In my opinion leave to appeal ought to be granted nunc pro tunc and the appeal ought to be allowed. There seems to be no jurisdiction in this Court under the repealed section 94 of the Queensland Building Services Authority Act which, as I have said, continues to be applied between the present parties, whereby this Court could make any final costs determination. What the Court might have done, I suppose, if it had such a jurisdiction, would range from an order for indemnity costs in favour of the applicants through "no order as to costs" to an order similar in effect to the Tribunal member's. At both ends of the bar table the view has been taken that the appropriate thing for this Court to do is to remit the matter to the Tribunal under section 94(4)(b) for further hearing or rehearing.

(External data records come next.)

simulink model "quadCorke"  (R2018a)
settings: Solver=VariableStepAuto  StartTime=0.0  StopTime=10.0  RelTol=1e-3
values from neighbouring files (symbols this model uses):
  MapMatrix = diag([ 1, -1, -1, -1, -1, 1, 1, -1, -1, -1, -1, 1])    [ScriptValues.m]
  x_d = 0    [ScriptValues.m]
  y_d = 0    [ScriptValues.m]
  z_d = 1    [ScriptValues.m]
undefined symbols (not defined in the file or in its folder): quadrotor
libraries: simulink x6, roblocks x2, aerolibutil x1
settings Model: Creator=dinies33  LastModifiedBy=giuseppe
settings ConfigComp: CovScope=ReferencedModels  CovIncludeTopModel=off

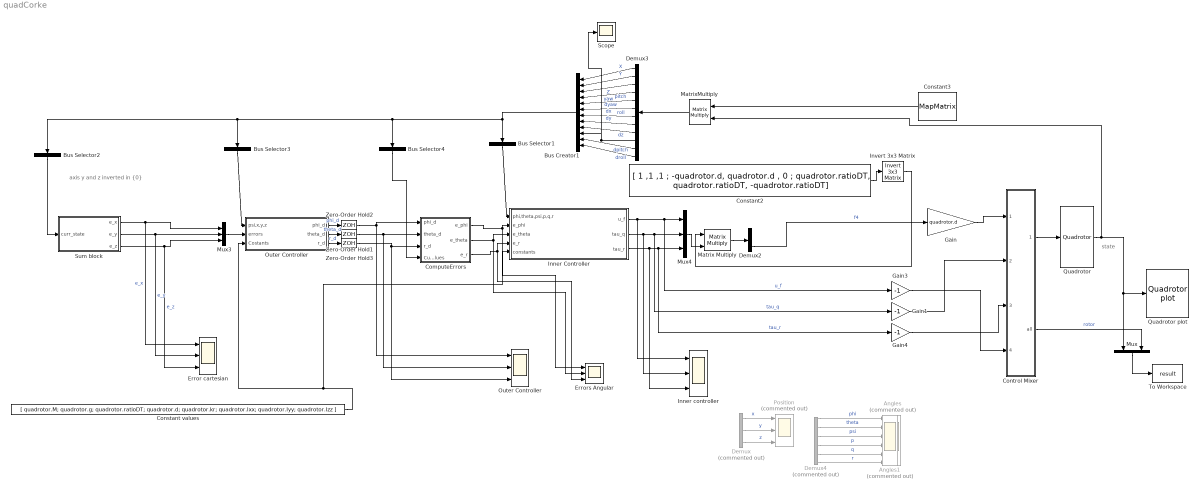
== system quadCorke ==
  note: axis y and z inverted in {0}
  note: state
  Angles : Scope  Commented=on  NumInputPorts=6
  Angles1 : Scope  Commented=on  NumInputPorts=6
  Bus Creator1 : BusCreator  Inputs='X','Y','Z','yaw','pitch','roll','dx','dy','dz','dyaw','dpitch','droll'
  Bus Selector1 : BusSelector  OutputSignals=roll,pitch,yaw,droll,dpitch,dyaw  OutputAsBus=on
  Bus Selector2 : BusSelector  OutputSignals=X,Y,Z  OutputAsBus=on
  Bus Selector3 : BusSelector  OutputSignals=yaw,X,Y,Z  OutputAsBus=on
  Bus Selector4 : BusSelector  OutputSignals=roll,pitch,dyaw  OutputAsBus=on
  "ComputeErrors " : Subsystem
  Constant values : Constant  Value=[ quadrotor.M; quadrotor.g; quadrotor.ratioDT; quadrotor.d; quadrotor.kr; quadrotor.Ixx; quadrotor.Iyy; quadrotor.Izz ]
  Constant2 : Constant  Value=[ 1 ,1 ,1 ; -quadrotor.d, quadrotor.d , 0 ; quadrotor.ratioDT, quadrotor.ratioDT, -quadrotor.ratioDT]
  Constant3 : Constant  Value=MapMatrix
  Control Mixer : Subsystem  AncestorBlock=roblocks/Vehicles/Control Mixer 4  mask{quad=quadrotor, maxrot=1000, minrot=5}
      mask prompts: quad "Quadrotor parameters"; maxrot "Maximum rotor speed (rad/s)"; minrot "Minimum rotor speed (rad/s)"
      mask help: Quadrotor control mixer
      mask Help:
      | Determine rotor speeds based on desired torques and thrust, and propellor model
      | 
      | <b>Inputs::</b>
      | tau<sub>x</sub> (1x1)    desired rolling torque [Nm]
      | 
      | tau<sub>y</sub> (1x1)    desired pitching torque [Nm]
      | tau<sub>z</sub> (1x1)    desired yawing torque [Nm]
      | T (1x1)          desired thrust [N]
      | 
      | <b>Outputs::</b>
      | 
      | w1 (1x1) angular velocity of rotor 1 [rad]
      | w2 (1x1) angular velocity of rotor 2 [rad]
      | w3 (1x1) angular velocity of rotor 3 [rad]
      | w4 (1x1) angular velocity of rotor 4 [rad]
      | 
      | <b>Notes::</b>
      | 
      | - Assumes the rotor labelling convention of RVC Fig 4.16.
      | - The quadrotor is underactuated and has only 4 inputs.
      mask Display:
      | port_label('output',1,'\varpi','texmode','on');
      | port_label('output',2,'\tau_a','texmode','on');
      | port_label('input',1,'\tau_x','texmode','on');
      | port_label('input',2,'\tau_y','texmode','on');
      | port_label('input',3,'\tau_z','texmode','on');
      | port_label('input',4,'T','texmode','on');
  Demux : Demux  Commented=on  Outputs=3
  Demux2 : Demux  Outputs=3
  Demux3 : Demux  Outputs=12
  Demux4 : Demux  Commented=on  Outputs=6
  Error cartesian : Scope  NumInputPorts=3
  Errors Angular : Scope  NumInputPorts=3
  Gain : Gain  Gain=quadrotor.d
  Gain1 : Gain  Gain=-1
  Gain3 : Gain  Gain=-1
  Gain4 : Gain  Gain=-1
  "Inner Controller " : Subsystem
  Inner controller : Scope  NumInputPorts=3
  Invert 3x3 Matrix : aerolibutil/Invert  3x3 Matrix
  Matrix Multiply : Product  Multiplication=Matrix(*)
  MatrixMultiply : Product  Multiplication=Matrix(*)
  Mux : Mux  Inputs=2
  Mux3 : Mux  Inputs=3
  Mux4 : Mux  Inputs=3
  Outer Controller : Scope  NumInputPorts=3
  "Outer Controller " : Subsystem
  Position : Scope  Commented=on  NumInputPorts=3
  Quadrotor : roblocks/Vehicles/Quadrotor  quad=quadrotor  x0=[0 0 -5]  groundflag=on
      link override Dynamics: FunctionName=corke_dynamics
  Quadrotor plot : roblocks/Vehicles/Quadrotor plot  quad=quadrotor  xydim=2  zdim=10
      link override Plotter: FunctionName=corke_plot  Parameters=[xydim, zdim], 1, 1,quad
  Scope : Scope
  Sum block : Subsystem
  To Workspace : ToWorkspace  VariableName=result  SampleTime=-1
  Zero-Order Hold1 : ZeroOrderHold  SampleTime=0.15
  Zero-Order Hold2 : ZeroOrderHold  SampleTime=0.15
  Zero-Order Hold3 : ZeroOrderHold  SampleTime=0.15
  wires:
  Control Mixer/2(all) -> Mux/2  "rotor"
  Mux/1 -> To Workspace/1
  Quadrotor/1 -> Quadrotor plot/1, Mux/1, MatrixMultiply/2
  Control Mixer/1(omega) -> Quadrotor/1
  Constant2/1 -> Invert 3x3 Matrix/1
  "Inner Controller "/1(u_f) -> Gain3/1, Mux4/1, Inner controller/1  "u_f"
  Demux4/6 -> Angles/6  "r"
  Demux4/1 -> Angles/1  "phi"
  Demux2/3 -> Gain/1  "f4"
  Sum block/1("e_x ") -> Error cartesian/1, Mux3/1  "e_x"
  Demux/2 -> Position/2  "y"
  Demux4/5 -> Angles/5  "q"
  "ComputeErrors "/1("e_phi ") -> Errors Angular/1, "Inner Controller "/2(e_phi)
  "ComputeErrors "/2(e_theta) -> Errors Angular/2, "Inner Controller "/3(e_theta)
  Matrix Multiply/1 -> Demux2/1
  Demux/1 -> Position/1  "x"
  "Inner Controller "/2(tau_q) -> Inner controller/2, Mux4/2, Gain1/1  "tau_q"
  Invert 3x3 Matrix/1 -> Matrix Multiply/1
  "Inner Controller "/3(tau_r) -> Inner controller/3, Gain4/1, Mux4/3  "tau_r"
  "Outer Controller "/3(r_d) -> Zero-Order Hold3/1  "r_d"
  "Outer Controller "/1("phi_d ") -> Zero-Order Hold2/1  "phi_d"
  "ComputeErrors "/3(e_r) -> Errors Angular/3, "Inner Controller "/4(e_r)
  Demux/3 -> Position/3  "z"
  Demux4/4 -> Angles/4  "p"
  Mux4/1 -> Matrix Multiply/2
  Demux4/3 -> Angles/3  "psi"
  Constant values/1 -> "Outer Controller "/3(Costants), "Inner Controller "/5(constants)
  Demux4/2 -> Angles/2  "theta"
  "Outer Controller "/2(theta_d) -> Zero-Order Hold1/1  "theta_d"
  Mux3/1 -> "Outer Controller "/2(errors)
  Sum block/2(e_y) -> Error cartesian/2, Mux3/2  "e_y"
  Sum block/3(e_z) -> Error cartesian/3, Mux3/3  "e_z"
  Gain/1 -> Control Mixer/1(tau roll)
  Bus Selector1/1 -> "Inner Controller "/1(phi,theta,psi,p,q,r)
  Bus Selector3/1 -> "Outer Controller "/1(psi,x,y,z)
  Bus Selector2/1 -> Sum block/1(curr_state)
  Bus Selector4/1 -> "ComputeErrors "/4(Curr_values)
  Constant3/1 -> MatrixMultiply/1
  Bus Creator1/1 -> Bus Selector2/1, Bus Selector3/1, Bus Selector4/1, Bus Selector1/1
  Demux3/3 -> Bus Creator1/3  "Z"
  Demux3/8 -> Bus Creator1/8  "dy"
  Demux3/7 -> Bus Creator1/7  "dx"
  Demux3/10 -> Scope/1, Bus Creator1/10  "dyaw"
  Demux3/5 -> Bus Creator1/5  "pitch"
  Demux3/2 -> Bus Creator1/2  "Y"
  Demux3/4 -> Bus Creator1/4  "yaw"
  Demux3/1 -> Bus Creator1/1  "X"
  Demux3/9 -> Bus Creator1/9  "dz"
  Demux3/11 -> Bus Creator1/11  "dpitch"
  Demux3/6 -> Bus Creator1/6  "roll"
  Demux3/12 -> Bus Creator1/12  "droll"
  MatrixMultiply/1 -> Demux3/1
  Gain1/1 -> Control Mixer/2(tau pitch)
  Gain3/1 -> Control Mixer/4(total thrust)
  Gain4/1 -> Control Mixer/3(tau yaw)
  Zero-Order Hold3/1 -> Outer Controller/3, "ComputeErrors "/3(r_d)
  Zero-Order Hold1/1 -> Outer Controller/2, "ComputeErrors "/2(theta_d)
  Zero-Order Hold2/1 -> "ComputeErrors "/1(phi_d), Outer Controller/1

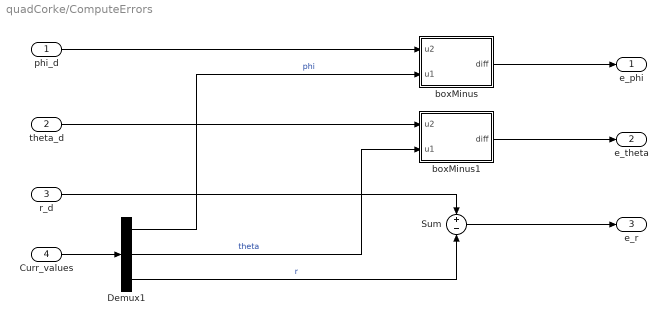
== system quadCorke/ComputeErrors  ==
  phi_d : Inport
  theta_d : Inport  Port=2
  r_d : Inport  Port=3
  Curr_values : Inport  Port=4
  Demux1 : Demux  Outputs=3
  Sum : Sum  Inputs=+-
  boxMinus : MATLAB Function  TreatAsAtomicUnit=on
  boxMinus1 : MATLAB Function  TreatAsAtomicUnit=on
  "e_phi " : Outport
  e_theta : Outport  Port=2
  e_r : Outport  Port=3
  wires:
  phi_d/1 -> boxMinus/1(u2)
  Demux1/1 -> boxMinus/2(u1)  "phi"
  theta_d/1 -> boxMinus1/1(u2)
  Demux1/2 -> boxMinus1/2(u1)  "theta"
  r_d/1 -> Sum/1
  Demux1/3 -> Sum/2  "r"
  Sum/1 -> e_r/1
  boxMinus1/1(diff) -> e_theta/1
  boxMinus/1(diff) -> "e_phi "/1
  Curr_values/1 -> Demux1/1

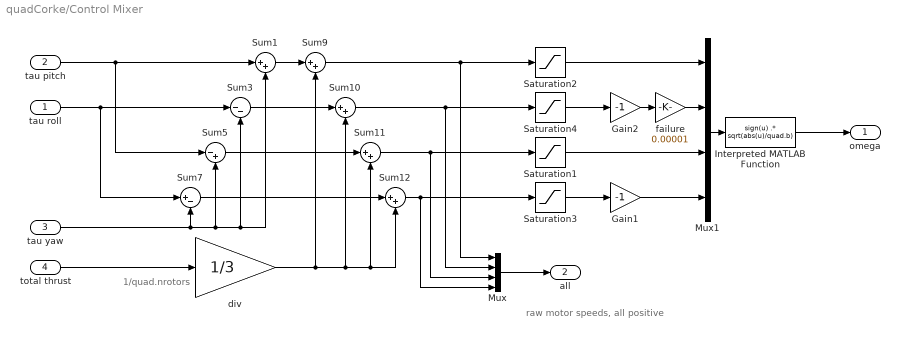
== system quadCorke/Control Mixer ==
  note: 1/quad.nrotors
  note: raw motor speeds, all positive
  tau roll : Inport
  tau pitch : Inport  Port=2
  tau yaw : Inport  Port=3
  total thrust : Inport  Port=4
  Gain1 : Gain  Gain=-1
  Gain2 : Gain  Gain=-1
  Interpreted MATLAB Function : MATLABFcn  MATLABFcn=sign(u) .* sqrt(abs(u)/quad.b)
  Mux : Mux
  Mux1 : Mux
  Saturation{1..4} (4 alike) : Saturate  UpperLimit=maxrot  LowerLimit=minrot
  Sum{1,9..12} (5 alike) : Sum  Inputs=|++  SaturateOnIntegerOverflow=on  InputSameDT=on  OutDataTypeStr=Inherit: Same as first input
  Sum3 : Sum  Inputs=|--  SaturateOnIntegerOverflow=on  InputSameDT=on  OutDataTypeStr=Inherit: Same as first input
  Sum5 : Sum  Inputs=|-+  SaturateOnIntegerOverflow=on  InputSameDT=on  OutDataTypeStr=Inherit: Same as first input
  Sum7 : Sum  Inputs=|+-  SaturateOnIntegerOverflow=on  InputSameDT=on  OutDataTypeStr=Inherit: Same as first input
  div : Gain  Gain=1/3
  failure : Gain  Gain=0.00001
  omega : Outport
  all : Outport  Port=2
  wires:
  div/1 -> Sum11/2, Sum12/2, Sum10/2, Sum9/2
  Interpreted MATLAB Function/1 -> omega/1
  Mux1/1 -> Interpreted MATLAB Function/1
  tau yaw/1 -> Sum7/2, Sum5/2, Sum3/2, Sum1/2
  Saturation2/1 -> Mux1/1
  Saturation4/1 -> Gain2/1
  Saturation1/1 -> Mux1/3
  Saturation3/1 -> Gain1/1
  tau pitch/1 -> Sum1/1, Sum5/1
  Sum1/1 -> Sum9/1
  Sum3/1 -> Sum10/1
  Sum5/1 -> Sum11/1
  Sum7/1 -> Sum12/1
  Sum9/1 -> Saturation2/1, Mux/1
  Sum10/1 -> Mux/2, Saturation4/1
  Sum11/1 -> Mux/3, Saturation1/1
  Sum12/1 -> Mux/4, Saturation3/1
  total thrust/1 -> div/1
  tau roll/1 -> Sum3/1, Sum7/1
  Mux/1 -> all/1
  Gain1/1 -> Mux1/4
  Gain2/1 -> failure/1
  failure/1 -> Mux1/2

A suggestion in the appellant's outline of argument is that the factors bearing on costs listed in section 61 (4) of the Queensland Building Tribunal Act 2000 ought to be applied. As a matter of law, Section 61(4) does not apply. I think no more could be said about it than that it lists the kinds of matters which might be considered. I suppose the Calderbank letters would come within section 61(4)(b) "the conduct of the parties before and after the proceeding".
This Court has ruled that that is a matter that ought to have been considered further. This Court is of the view that consideration ought to be given when the matter is back in the Tribunal to a separate determination of the fair and just incidence of costs in relation to the various hearings that occurred or steps that were taken in the Tribunal.
There has been some discussion as to whether or not the same Tribunal number ought to hear the matter. Judgment about that is perhaps left to the Chairperson of the Tribunal or whoever allocates work there. There seems no particular reason why the same member ought to be involved. He did not have the advantage of particularly close familiarity with the whole saga in the Tribunal. The view might well be taken that in the circumstances it was more appropriate for a different member to be involved.
...
HIS HONOUR: I will make an order setting aside the orders made in the Tribunal on the 28th of March last year.
I will order that the respondent Mr Knigge pay the cost of the appellants of proceedings in this Court to be assessed and in reliance on my decision in Morris, which Mr Thomson reminded me of; order that there be a certificate under the Appeal Costs Fund.